Saved data entries:
•••
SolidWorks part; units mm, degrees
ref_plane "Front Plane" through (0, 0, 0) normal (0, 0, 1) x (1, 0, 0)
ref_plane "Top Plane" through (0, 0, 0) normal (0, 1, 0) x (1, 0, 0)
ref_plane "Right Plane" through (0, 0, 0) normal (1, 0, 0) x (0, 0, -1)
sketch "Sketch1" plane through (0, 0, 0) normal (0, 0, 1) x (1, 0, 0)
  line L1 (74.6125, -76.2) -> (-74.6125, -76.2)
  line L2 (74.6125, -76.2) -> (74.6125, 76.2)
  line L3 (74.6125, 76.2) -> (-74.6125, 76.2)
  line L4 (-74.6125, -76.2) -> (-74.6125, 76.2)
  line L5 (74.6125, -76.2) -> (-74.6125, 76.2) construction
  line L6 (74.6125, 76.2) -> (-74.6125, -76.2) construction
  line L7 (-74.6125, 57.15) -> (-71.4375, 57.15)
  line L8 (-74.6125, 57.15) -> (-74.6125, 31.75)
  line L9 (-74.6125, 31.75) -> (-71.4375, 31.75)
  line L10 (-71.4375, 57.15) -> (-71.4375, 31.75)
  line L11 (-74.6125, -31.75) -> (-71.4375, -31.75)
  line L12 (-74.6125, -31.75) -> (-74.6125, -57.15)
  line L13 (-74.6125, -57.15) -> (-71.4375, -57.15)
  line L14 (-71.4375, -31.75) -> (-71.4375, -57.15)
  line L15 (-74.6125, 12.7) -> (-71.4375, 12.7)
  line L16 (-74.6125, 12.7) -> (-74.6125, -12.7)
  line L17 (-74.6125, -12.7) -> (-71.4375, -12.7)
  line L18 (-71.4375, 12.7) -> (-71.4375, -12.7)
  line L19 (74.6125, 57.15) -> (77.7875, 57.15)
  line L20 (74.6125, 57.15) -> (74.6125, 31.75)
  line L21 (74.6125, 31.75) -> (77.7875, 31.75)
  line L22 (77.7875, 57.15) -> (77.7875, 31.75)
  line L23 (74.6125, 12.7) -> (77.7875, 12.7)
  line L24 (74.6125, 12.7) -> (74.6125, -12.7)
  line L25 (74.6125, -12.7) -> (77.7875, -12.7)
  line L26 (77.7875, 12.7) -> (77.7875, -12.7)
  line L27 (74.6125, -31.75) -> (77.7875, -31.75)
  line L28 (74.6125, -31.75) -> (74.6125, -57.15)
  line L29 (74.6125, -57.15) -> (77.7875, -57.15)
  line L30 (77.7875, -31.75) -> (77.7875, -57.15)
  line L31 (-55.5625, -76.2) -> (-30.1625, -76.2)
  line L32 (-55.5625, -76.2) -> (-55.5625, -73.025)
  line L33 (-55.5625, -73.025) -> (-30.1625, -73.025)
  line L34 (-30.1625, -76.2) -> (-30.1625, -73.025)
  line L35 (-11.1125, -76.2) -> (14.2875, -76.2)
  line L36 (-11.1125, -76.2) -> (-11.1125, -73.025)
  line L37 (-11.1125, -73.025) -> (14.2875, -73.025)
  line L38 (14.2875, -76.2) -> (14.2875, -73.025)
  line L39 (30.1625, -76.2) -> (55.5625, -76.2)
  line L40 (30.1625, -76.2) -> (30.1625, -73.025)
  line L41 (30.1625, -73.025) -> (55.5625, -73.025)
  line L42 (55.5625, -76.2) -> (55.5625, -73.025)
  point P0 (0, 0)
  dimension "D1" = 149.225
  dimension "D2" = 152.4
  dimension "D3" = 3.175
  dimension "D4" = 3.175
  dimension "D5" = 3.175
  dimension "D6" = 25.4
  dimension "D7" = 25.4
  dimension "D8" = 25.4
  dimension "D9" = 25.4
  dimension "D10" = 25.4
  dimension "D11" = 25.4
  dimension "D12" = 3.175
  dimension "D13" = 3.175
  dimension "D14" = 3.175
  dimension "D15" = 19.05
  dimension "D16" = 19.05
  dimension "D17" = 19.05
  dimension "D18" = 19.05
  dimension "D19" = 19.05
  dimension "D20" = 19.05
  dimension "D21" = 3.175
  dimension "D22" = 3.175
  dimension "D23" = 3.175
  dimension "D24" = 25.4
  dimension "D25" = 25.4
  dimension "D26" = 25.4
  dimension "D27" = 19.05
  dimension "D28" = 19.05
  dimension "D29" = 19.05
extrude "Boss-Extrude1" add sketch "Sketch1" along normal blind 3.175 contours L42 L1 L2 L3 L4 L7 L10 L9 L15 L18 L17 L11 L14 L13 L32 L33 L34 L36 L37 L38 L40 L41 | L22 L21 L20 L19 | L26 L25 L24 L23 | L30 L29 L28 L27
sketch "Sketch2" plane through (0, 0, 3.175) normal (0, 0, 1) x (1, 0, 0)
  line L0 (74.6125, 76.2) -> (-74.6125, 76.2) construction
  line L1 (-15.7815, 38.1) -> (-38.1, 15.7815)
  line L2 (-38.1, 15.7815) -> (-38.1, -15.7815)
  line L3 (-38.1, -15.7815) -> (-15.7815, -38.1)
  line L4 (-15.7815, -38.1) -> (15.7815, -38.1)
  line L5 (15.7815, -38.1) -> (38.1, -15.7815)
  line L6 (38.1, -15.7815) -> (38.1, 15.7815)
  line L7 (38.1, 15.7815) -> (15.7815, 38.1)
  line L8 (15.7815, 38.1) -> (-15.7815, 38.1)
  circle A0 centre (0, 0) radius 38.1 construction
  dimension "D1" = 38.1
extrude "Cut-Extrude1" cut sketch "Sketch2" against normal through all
•••
» **ABOUT THIS EXERCISE**:
Every record must be output again with its wording unchanged.

» **EXPECTED OUTPUT**:
SolidWorks part; units mm, degrees
ref_plane "Front Plane" through (0, 0, 0) normal (0, 0, 1) x (1, 0, 0)
ref_plane "Top Plane" through (0, 0, 0) normal (0, 1, 0) x (1, 0, 0)
ref_plane "Right Plane" through (0, 0, 0) normal (1, 0, 0) x (0, 0, -1)
sketch "Sketch1" plane through (0, 0, 0) normal (0, 0, 1) x (1, 0, 0)
  line L1 (74.6125, -76.2) -> (-74.6125, -76.2)
  line L2 (74.6125, -76.2) -> (74.6125, 76.2)
  line L3 (74.6125, 76.2) -> (-74.6125, 76.2)
  line L4 (-74.6125, -76.2) -> (-74.6125, 76.2)
  line L5 (74.6125, -76.2) -> (-74.6125, 76.2) construction
  line L6 (74.6125, 76.2) -> (-74.6125, -76.2) construction
  line L7 (-74.6125, 57.15) -> (-71.4375, 57.15)
  line L8 (-74.6125, 57.15) -> (-74.6125, 31.75)
  line L9 (-74.6125, 31.75) -> (-71.4375, 31.75)
  line L10 (-71.4375, 57.15) -> (-71.4375, 31.75)
  line L11 (-74.6125, -31.75) -> (-71.4375, -31.75)
  line L12 (-74.6125, -31.75) -> (-74.6125, -57.15)
  line L13 (-74.6125, -57.15) -> (-71.4375, -57.15)
  line L14 (-71.4375, -31.75) -> (-71.4375, -57.15)
  line L15 (-74.6125, 12.7) -> (-71.4375, 12.7)
  line L16 (-74.6125, 12.7) -> (-74.6125, -12.7)
  line L17 (-74.6125, -12.7) -> (-71.4375, -12.7)
  line L18 (-71.4375, 12.7) -> (-71.4375, -12.7)
  line L19 (74.6125, 57.15) -> (77.7875, 57.15)
  line L20 (74.6125, 57.15) -> (74.6125, 31.75)
  line L21 (74.6125, 31.75) -> (77.7875, 31.75)
  line L22 (77.7875, 57.15) -> (77.7875, 31.75)
  line L23 (74.6125, 12.7) -> (77.7875, 12.7)
  line L24 (74.6125, 12.7) -> (74.6125, -12.7)
  line L25 (74.6125, -12.7) -> (77.7875, -12.7)
  line L26 (77.7875, 12.7) -> (77.7875, -12.7)
  line L27 (74.6125, -31.75) -> (77.7875, -31.75)
  line L28 (74.6125, -31.75) -> (74.6125, -57.15)
  line L29 (74.6125, -57.15) -> (77.7875, -57.15)
  line L30 (77.7875, -31.75) -> (77.7875, -57.15)
  line L31 (-55.5625, -76.2) -> (-30.1625, -76.2)
  line L32 (-55.5625, -76.2) -> (-55.5625, -73.025)
  line L33 (-55.5625, -73.025) -> (-30.1625, -73.025)
  line L34 (-30.1625, -76.2) -> (-30.1625, -73.025)
  line L35 (-11.1125, -76.2) -> (14.2875, -76.2)
  line L36 (-11.1125, -76.2) -> (-11.1125, -73.025)
  line L37 (-11.1125, -73.025) -> (14.2875, -73.025)
  line L38 (14.2875, -76.2) -> (14.2875, -73.025)
  line L39 (30.1625, -76.2) -> (55.5625, -76.2)
  line L40 (30.1625, -76.2) -> (30.1625, -73.025)
  line L41 (30.1625, -73.025) -> (55.5625, -73.025)
  line L42 (55.5625, -76.2) -> (55.5625, -73.025)
  point P0 (0, 0)
  dimension "D1" = 149.225
  dimension "D2" = 152.4
  dimension "D3" = 3.175
  dimension "D4" = 3.175
  dimension "D5" = 3.175
  dimension "D6" = 25.4
  dimension "D7" = 25.4
  dimension "D8" = 25.4
  dimension "D9" = 25.4
  dimension "D10" = 25.4
  dimension "D11" = 25.4
  dimension "D12" = 3.175
  dimension "D13" = 3.175
  dimension "D14" = 3.175
  dimension "D15" = 19.05
  dimension "D16" = 19.05
  dimension "D17" = 19.05
  dimension "D18" = 19.05
  dimension "D19" = 19.05
  dimension "D20" = 19.05
  dimension "D21" = 3.175
  dimension "D22" = 3.175
  dimension "D23" = 3.175
  dimension "D24" = 25.4
  dimension "D25" = 25.4
  dimension "D26" = 25.4
  dimension "D27" = 19.05
  dimension "D28" = 19.05
  dimension "D29" = 19.05
extrude "Boss-Extrude1" add sketch "Sketch1" along normal blind 3.175 contours L42 L1 L2 L3 L4 L7 L10 L9 L15 L18 L17 L11 L14 L13 L32 L33 L34 L36 L37 L38 L40 L41 | L22 L21 L20 L19 | L26 L25 L24 L23 | L30 L29 L28 L27
sketch "Sketch2" plane through (0, 0, 3.175) normal (0, 0, 1) x (1, 0, 0)
  line L0 (74.6125, 76.2) -> (-74.6125, 76.2) construction
  line L1 (-15.7815, 38.1) -> (-38.1, 15.7815)
  line L2 (-38.1, 15.7815) -> (-38.1, -15.7815)
  line L3 (-38.1, -15.7815) -> (-15.7815, -38.1)
  line L4 (-15.7815, -38.1) -> (15.7815, -38.1)
  line L5 (15.7815, -38.1) -> (38.1, -15.7815)
  line L6 (38.1, -15.7815) -> (38.1, 15.7815)
  line L7 (38.1, 15.7815) -> (15.7815, 38.1)
  line L8 (15.7815, 38.1) -> (-15.7815, 38.1)
  circle A0 centre (0, 0) radius 38.1 construction
  dimension "D1" = 38.1
extrude "Cut-Extrude1" cut sketch "Sketch2" against normal through all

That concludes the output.